The primary purpose of an Erbschein is to officially certify who is the legal Erbe or heirs of a deceased person and to what share of the Erbschaft they are entitled. It acts as a formal legitimation for heirs to deal with the deceased's assets, especially with banks and land registries.
Is an Erbschein always necessary after a death?
No, an Erbschein is not always necessary. If a notarized Testament or a notarized inheritance contract clearly identifies the heir(s) and their shares, and this is accepted by the institutions involved (e.g., banks, though often not for Grundbuch entries), an Erbschein might not be required. However, in cases of statutory inheritance, handwritten wills, or unclear testamentary dispositions, an Erbschein is usually essential to prove heirship.
Where can one apply for an Erbschein?
An Erbschein must be applied for at the competent Nachlassgericht. This is typically the local district court (Amtsgericht) in whose district the deceased had their last ordinary residence. The application can also be submitted through a notary.
How long does it take to get an Erbschein?
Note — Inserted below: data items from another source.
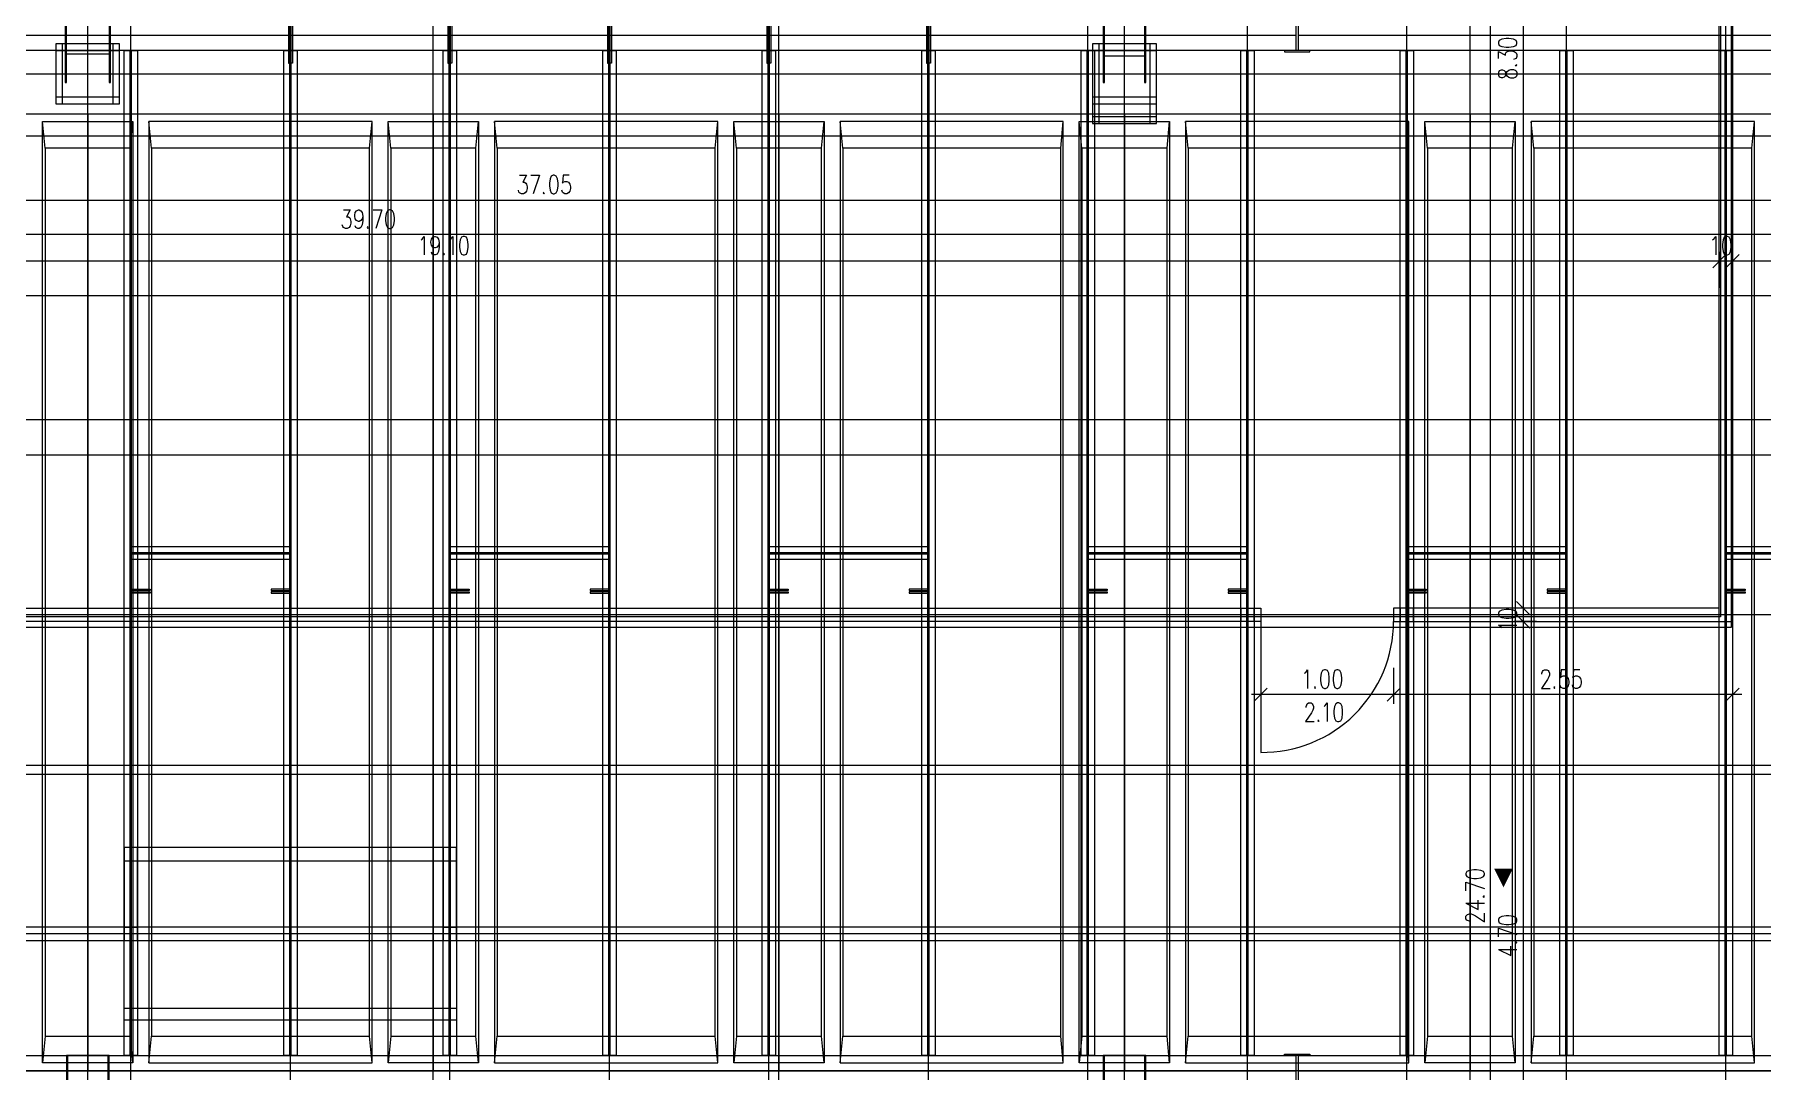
# Model space of a CAD drawing. Header units: inches. Extents: x 0 to 54693, y 0 to 31146.
# Drawn here: x 579.8 to 839.8, y 296.4 to 452.4 of the extents above; entities that cross this region are included whole.
import ezdxf
from ezdxf.lldxf.tags import DXFTag

# ---------------------------------------------------------------- set-up
doc = ezdxf.new("R2010")
doc.units = ezdxf.units.IN
doc.header["$MEASUREMENT"] = 0
doc.layers.add('Added', color=3, linetype='Continuous')
tags = doc.linetypes.add('1070_00_1200$0$SL3', pattern=[0.2, 0.1, -0.1]).pattern_tags.tags
tags[6:7] = [DXFTag(74, 4), DXFTag(75, 0), DXFTag(340, '0'), DXFTag(46, 1.0), DXFTag(50, 0.0), DXFTag(44, 0.0), DXFTag(45, 0.0)]
tags[4:5] = [DXFTag(74, 4), DXFTag(75, 0), DXFTag(340, '0'), DXFTag(46, 1.0), DXFTag(50, 0.0), DXFTag(44, 0.0), DXFTag(45, 0.0)]
tags = doc.linetypes.add('1070_00_1200$0$SP2', pattern=[0.9, 0.4, -0.2, 0.1, -0.2]).pattern_tags.tags
tags[10:11] = [DXFTag(74, 4), DXFTag(75, 0), DXFTag(340, '0'), DXFTag(46, 1.0), DXFTag(50, 0.0), DXFTag(44, 0.0), DXFTag(45, 0.0)]
tags[8:9] = [DXFTag(74, 4), DXFTag(75, 0), DXFTag(340, '0'), DXFTag(46, 1.0), DXFTag(50, 0.0), DXFTag(44, 0.0), DXFTag(45, 0.0)]
tags[6:7] = [DXFTag(74, 4), DXFTag(75, 0), DXFTag(340, '0'), DXFTag(46, 1.0), DXFTag(50, 0.0), DXFTag(44, 0.0), DXFTag(45, 0.0)]
tags[4:5] = [DXFTag(74, 4), DXFTag(75, 0), DXFTag(340, '0'), DXFTag(46, 1.0), DXFTag(50, 0.0), DXFTag(44, 0.0), DXFTag(45, 0.0)]
tags = doc.linetypes.add('1070_00_1200_Trägerrostdwg$0$SP2', pattern=[0.9, 0.4, -0.2, 0.1, -0.2]).pattern_tags.tags
tags[10:11] = [DXFTag(74, 4), DXFTag(75, 0), DXFTag(340, '0'), DXFTag(46, 1.0), DXFTag(50, 0.0), DXFTag(44, 0.0), DXFTag(45, 0.0)]
tags[8:9] = [DXFTag(74, 4), DXFTag(75, 0), DXFTag(340, '0'), DXFTag(46, 1.0), DXFTag(50, 0.0), DXFTag(44, 0.0), DXFTag(45, 0.0)]
tags[6:7] = [DXFTag(74, 4), DXFTag(75, 0), DXFTag(340, '0'), DXFTag(46, 1.0), DXFTag(50, 0.0), DXFTag(44, 0.0), DXFTag(45, 0.0)]
tags[4:5] = [DXFTag(74, 4), DXFTag(75, 0), DXFTag(340, '0'), DXFTag(46, 1.0), DXFTag(50, 0.0), DXFTag(44, 0.0), DXFTag(45, 0.0)]

msp = doc.modelspace()

# ---------------------------------------------------------------- linework, layer by layer
at = {"layer": 'Added', "linetype": '1070_00_1200$0$SP2', "lineweight": -2, "ltscale": 0.18}
for p, q in [((587.84, 47.97), (587.84, 622.06)), ((639.84, 47.97), (639.84, 622.06)), ((691.84, 47.97), (691.84, 622.06)), ((743.84, 47.97), (743.84, 622.06)), ((795.84, 47.97), (795.84, 622.06)), ((762.34, 77.1), (762.34, 573.8)), ((786.34, 77.1), (786.34, 573.8)), ((810.34, 77.1), (810.34, 573.8)), ((834.34, 77.1), (834.34, 573.8)), ((594.34, 77.1), (594.34, 569.1)), ((618.34, 77.1), (618.34, 569.1)), ((642.34, 76.2), (642.34, 569.1)), ((666.34, 76.2), (666.34, 569.1)), ((690.34, 76.2), (690.34, 569.1)), ((714.34, 76.2), (714.34, 569.1)), ((738.34, 76.2), (738.34, 569.1)), ((171.58, 446.5), (1094.14, 446.5)), ((171.58, 440.5), (1057.14, 440.5)), ((587.84, 440.5), (587.84, 296.5)), ((639.84, 440.5), (639.84, 296.5)), ((691.84, 440.5), (691.84, 296.5)), ((743.84, 440.5), (743.84, 296.5)), ((795.84, 440.5), (795.84, 296.5)), ((1026.34, 437.1), (234.34, 437.1)), ((581.04, 297.7), (581.04, 439.3)), ((581.04, 439.3), (594.64, 439.3)), ((581.44, 435.3), (581.04, 439.3)), ((594.24, 435.3), (594.64, 439.3)), ((594.64, 439.3), (594.64, 297.7)), ((597.04, 439.3), (597.04, 297.7)), ((630.64, 439.3), (597.04, 439.3)), ((597.44, 435.3), (597.04, 439.3)), ((630.24, 435.3), (630.64, 439.3)), ((630.64, 297.7), (630.64, 439.3)), ((633.04, 297.7), (633.04, 439.3)), ((633.04, 439.3), (646.64, 439.3)), ((633.44, 435.3), (633.04, 439.3)), ((646.24, 435.3), (646.64, 439.3)), ((646.64, 439.3), (646.64, 297.7)), ((649.04, 439.3), (649.04, 297.7)), ((682.64, 439.3), (649.04, 439.3)), ((649.44, 435.3), (649.04, 439.3)), ((682.24, 435.3), (682.64, 439.3)), ((682.64, 297.7), (682.64, 439.3)), ((685.04, 297.7), (685.04, 439.3)), ((685.04, 439.3), (698.64, 439.3)), ((685.44, 435.3), (685.04, 439.3)), ((698.24, 435.3), (698.64, 439.3)), ((698.64, 439.3), (698.64, 297.7)), ((701.04, 439.3), (701.04, 297.7)), ((734.64, 439.3), (701.04, 439.3)), ((701.44, 435.3), (701.04, 439.3)), ((734.24, 435.3), (734.64, 439.3)), ((734.64, 297.7), (734.64, 439.3)), ((737.04, 297.7), (737.04, 439.3)), ((737.04, 439.3), (750.64, 439.3)), ((737.44, 435.3), (737.04, 439.3)), ((750.24, 435.3), (750.64, 439.3)), ((750.64, 439.3), (750.64, 297.7)), ((753.04, 439.3), (753.04, 297.7)), ((786.64, 439.3), (753.04, 439.3)), ((753.44, 435.3), (753.04, 439.3)), ((786.24, 435.3), (786.64, 439.3)), ((786.64, 297.7), (786.64, 439.3)), ((789.04, 297.7), (789.04, 439.3)), ((789.04, 439.3), (802.64, 439.3)), ((789.44, 435.3), (789.04, 439.3)), ((802.24, 435.3), (802.64, 439.3)), ((802.64, 439.3), (802.64, 297.7)), ((805.04, 439.3), (805.04, 297.7)), ((838.64, 439.3), (805.04, 439.3)), ((805.44, 435.3), (805.04, 439.3)), ((838.24, 435.3), (838.64, 439.3)), ((838.64, 297.7), (838.64, 439.3)), ((594.24, 435.3), (581.44, 435.3)), ((581.44, 435.3), (581.44, 301.7)), ((594.24, 301.7), (594.24, 435.3)), ((630.24, 435.3), (597.44, 435.3)), ((597.44, 435.3), (597.44, 301.7)), ((630.24, 301.7), (630.24, 435.3)), ((646.24, 435.3), (633.44, 435.3)), ((633.44, 435.3), (633.44, 301.7)), ((646.24, 301.7), (646.24, 435.3)), ((682.24, 435.3), (649.44, 435.3)), ((649.44, 435.3), (649.44, 301.7)), ((682.24, 301.7), (682.24, 435.3)), ((698.24, 435.3), (685.44, 435.3)), ((685.44, 435.3), (685.44, 301.7)), ((698.24, 301.7), (698.24, 435.3)), ((734.24, 435.3), (701.44, 435.3)), ((701.44, 435.3), (701.44, 301.7)), ((734.24, 301.7), (734.24, 435.3)), ((750.24, 435.3), (737.44, 435.3)), ((737.44, 435.3), (737.44, 301.7)), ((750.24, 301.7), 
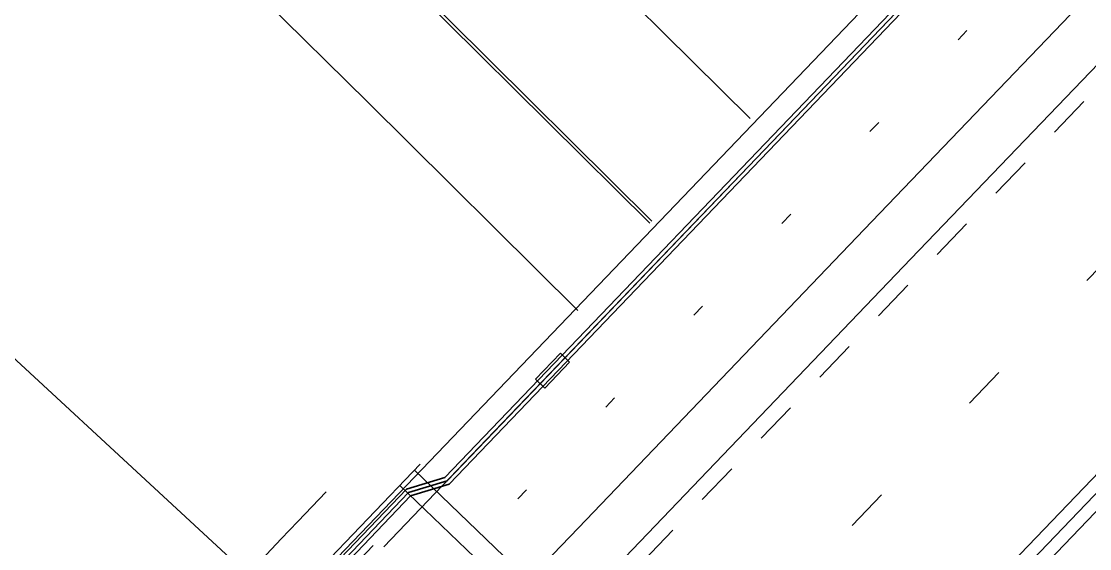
# Model space of a CAD drawing. Header units: metres. Extents: x 134219 to 139178, y 438661 to 444352.
# Drawn here: x 138343.33 to 138368.51, y 439369.1 to 439381.54 of the extents above; entities that cross this region are included whole.
import ezdxf

# ---------------------------------------------------------------- set-up
doc = ezdxf.new("R2010")
doc.units = ezdxf.units.M
for name, pattern in [('11strp', [2, 1, -1]), ('13strp', [4, 1, -3]), ('30270strp', [3, 0.3, -2.7])]:
    doc.linetypes.add(name, pattern=pattern)
doc.layers.add('Utd-ondergr-nw', color=8, linetype='13strp', lineweight=35)
doc.layers.add('Utd-weg-nw', color=8, linetype='Continuous')

msp = doc.modelspace()

# ---------------------------------------------------------------- linework, layer by layer
at = {"layer": 'Utd-ondergr-nw', "linetype": 'Continuous'}
for p, q in [((138348.801, 439366.829), (138403.491, 439423.908)), ((138353.315, 439370.784), (138402.536, 439422.153)), ((138353.364, 439370.705), (138402.617, 439422.107)), ((138353.413, 439370.625), (138402.699, 439422.062)), ((138355.449, 439373.098), (138356.037, 439373.711)), ((138356.037, 439373.711), (138356.254, 439373.504)), ((138356.254, 439373.504), (138355.666, 439372.89)), ((138355.666, 439372.89), (138355.449, 439373.098)), ((138348.721, 439366.907), (138352.733, 439371.094)), ((138352.408, 439370.506), (138353.315, 439370.784)), ((138352.595, 439370.95), (138364.87, 439359.189)), ((138352.251, 439370.591), (138364.526, 439358.83)), ((138352.457, 439370.427), (138353.364, 439370.705)), ((138352.506, 439370.348), (138353.413, 439370.625)), ((138348.667, 439366.601), (138352.408, 439370.506)), ((138348.732, 439366.538), (138352.457, 439370.427)), ((138348.797, 439366.476), (138352.506, 439370.348)), ((138349.1, 439366.543), (138351.625, 439369.179))]:
    msp.add_line(p, q, dxfattribs=at)
at = {"layer": 'Utd-ondergr-nw', "linetype": 'Continuous', "flags": 128}
for points in [[(138303.129, 439430.204), (138310.347, 439423.284), (138317.565, 439416.363), (138318.05, 439415.898), (138324.767, 439409.439), (138331.946, 439402.494), (138339.104, 439395.526), (138346.24, 439388.536), (138353.354, 439381.523), (138358.143, 439376.774)], [(138303.177, 439430.255), (138310.395, 439423.334), (138317.614, 439416.414), (138318.099, 439415.948), (138324.816, 439409.49), (138331.995, 439402.544), (138339.153, 439395.576), (138346.289, 439388.586), (138353.404, 439381.573), (138358.191, 439376.824)], [(138351.872, 439369.146), (138354.294, 439371.673), (138361.213, 439378.893), (138368.131, 439386.114), (138375.049, 439393.335), (138379.889, 439398.385), (138381.968, 439400.555), (138381.996, 439400.584), (138388.905, 439407.758), (138395.842, 439414.96), (138402.723, 439422.217), (138404.104, 439423.664)], [(138354.038, 439367.071), (138356.46, 439369.597), (138363.379, 439376.818), (138370.297, 439384.038), (138377.216, 439391.259), (138382.055, 439396.31), (138384.134, 439398.48), (138384.162, 439398.508), (138391.071, 439405.682), (138398.008, 439412.885), (138404.197, 439419.419), (138404.889, 439420.141), (138406.273, 439421.585)], [(138354.959, 439366.189), (138357.381, 439368.715), (138364.299, 439375.936), (138371.218, 439383.156), (138378.136, 439390.377), (138382.975, 439395.427), (138385.055, 439397.597), (138385.082, 439397.627), (138391.936, 439404.854), (138398.817, 439412.11), (138404.955, 439418.693), (138405.647, 439419.415), (138407.031, 439420.859)], [(138359.995, 439361.363), (138362.417, 439363.89), (138369.336, 439371.11), (138376.254, 439378.331), (138383.172, 439385.551), (138388.012, 439390.602), (138390.091, 439392.772)], [(138338.256, 439381.825), (138338.269, 439381.84), (138338.825, 439382.379), (138339.433, 439382.857), (138340.088, 439383.271), (138340.782, 439383.615), (138341.507, 439383.885), (138342.257, 439384.08), (138343.022, 439384.196), (138343.796, 439384.232), (138344.569, 439384.189), (138345.333, 439384.066), (138346.081, 439383.864), (138346.804, 439383.587), (138347.494, 439383.237), (138348.145, 439382.818), (138348.749, 439382.333), (138349.029, 439382.071), (138351.491, 439379.639), (138356.451, 439374.719)], [(138340.801, 439375.775), (138348.666, 439368.493)], [(138343.137, 439361.499), (138343.839, 439362.453), (138344.549, 439363.403), (138345.265, 439364.348), (138345.993, 439365.283), (138346.909, 439366.442), (138347.863, 439367.568), (138348.642, 439368.468), (138349.457, 439369.334), (138349.851, 439369.745), (138350.518, 439370.443)]]:
    msp.add_lwpolyline(points, dxfattribs=at)
at = {"layer": 'Utd-weg-nw', "linetype": 'Continuous', "flags": 128}
for points in [[(138305.495, 439432.673), (138312.714, 439425.752), (138319.932, 439418.832), (138320.417, 439418.366), (138327.141, 439411.901), (138334.328, 439404.948), (138341.494, 439397.973), (138348.637, 439390.975), (138355.759, 439383.955), (138360.509, 439379.243)], [(138359.779, 439361.571), (138362.201, 439364.097), (138369.119, 439371.318), (138376.037, 439378.538), (138382.956, 439385.759), (138387.795, 439390.809), (138389.874, 439392.979), (138389.899, 439393.011), (138396.102, 439400.862), (138402.329, 439408.744), (138407.934, 439415.839), (138408.626, 439416.561), (138410.009, 439418.005)], [(138360.212, 439361.156), (138362.634, 439363.682), (138369.552, 439370.903), (138376.471, 439378.123), (138383.389, 439385.344), (138388.228, 439390.394), (138390.307, 439392.564), (138390.336, 439392.593), (138397.319, 439399.695), (138404.331, 439406.826), (138410.642, 439413.244), (138411.333, 439413.966), (138412.717, 439415.411)]]:
    msp.add_lwpolyline(points, dxfattribs=at)
at = {"layer": 'Utd-weg-nw', "linetype": '30270strp', "flags": 128}
msp.add_lwpolyline([(138352.955, 439368.108), (138355.377, 439370.635), (138362.296, 439377.856), (138369.214, 439385.076), (138376.132, 439392.297), (138380.972, 439397.347), (138383.051, 439399.517), (138383.079, 439399.546), (138389.988, 439406.72), (138396.925, 439413.923), (138403.806, 439421.179), (138405.187, 439422.626)], dxfattribs=at)
at = {"layer": 'Utd-weg-nw', "linetype": '11strp', "flags": 128}
msp.add_lwpolyline([(138355.23, 439365.929), (138357.652, 439368.456), (138364.57, 439375.676), (138371.489, 439382.897), (138378.407, 439390.117), (138383.246, 439395.168), (138385.325, 439397.338), (138385.353, 439397.367), (138392.206, 439404.594), (138399.087, 439411.851), (138405.226, 439418.433), (138405.918, 439419.155), (138407.302, 439420.599)], dxfattribs=at)
at = {"layer": 'Utd-weg-nw', "linetype": '13strp', "flags": 128}
msp.add_lwpolyline([(138357.378, 439363.871), (138359.8, 439366.398), (138366.718, 439373.618), (138373.637, 439380.839), (138380.555, 439388.059), (138385.394, 439393.11), (138387.473, 439395.28), (138387.502, 439395.308), (138394.547, 439402.351), (138401.621, 439409.423), (138407.988, 439415.787)], dxfattribs=at)

doc.saveas('drawing.dxf')

The duration for obtaining an Erbschein can vary significantly. Simple cases with clear statutory inheritance and complete documentation might take a few weeks or months. However, if there are complexities such as unclear family relationships, missing documents, foreign heirs, or Rechtsstreitigkeiten about the validity of a Testament or the identity of heirs, the process can take many months or even years.
What happens if the Erbschein is incorrect?
If an Erbschein is later found to be incorrect (e.g., due to the discovery of a new Testament or a factual error in the determination of heirship), the Nachlassgericht is legally obliged to revoke or invalidate it. The genuine heir can then apply for a correct Erbschein. Transactions conducted in reliance on the incorrect Erbschein by third parties acting in good faith may be protected by law, highlighting the "public faith" aspect.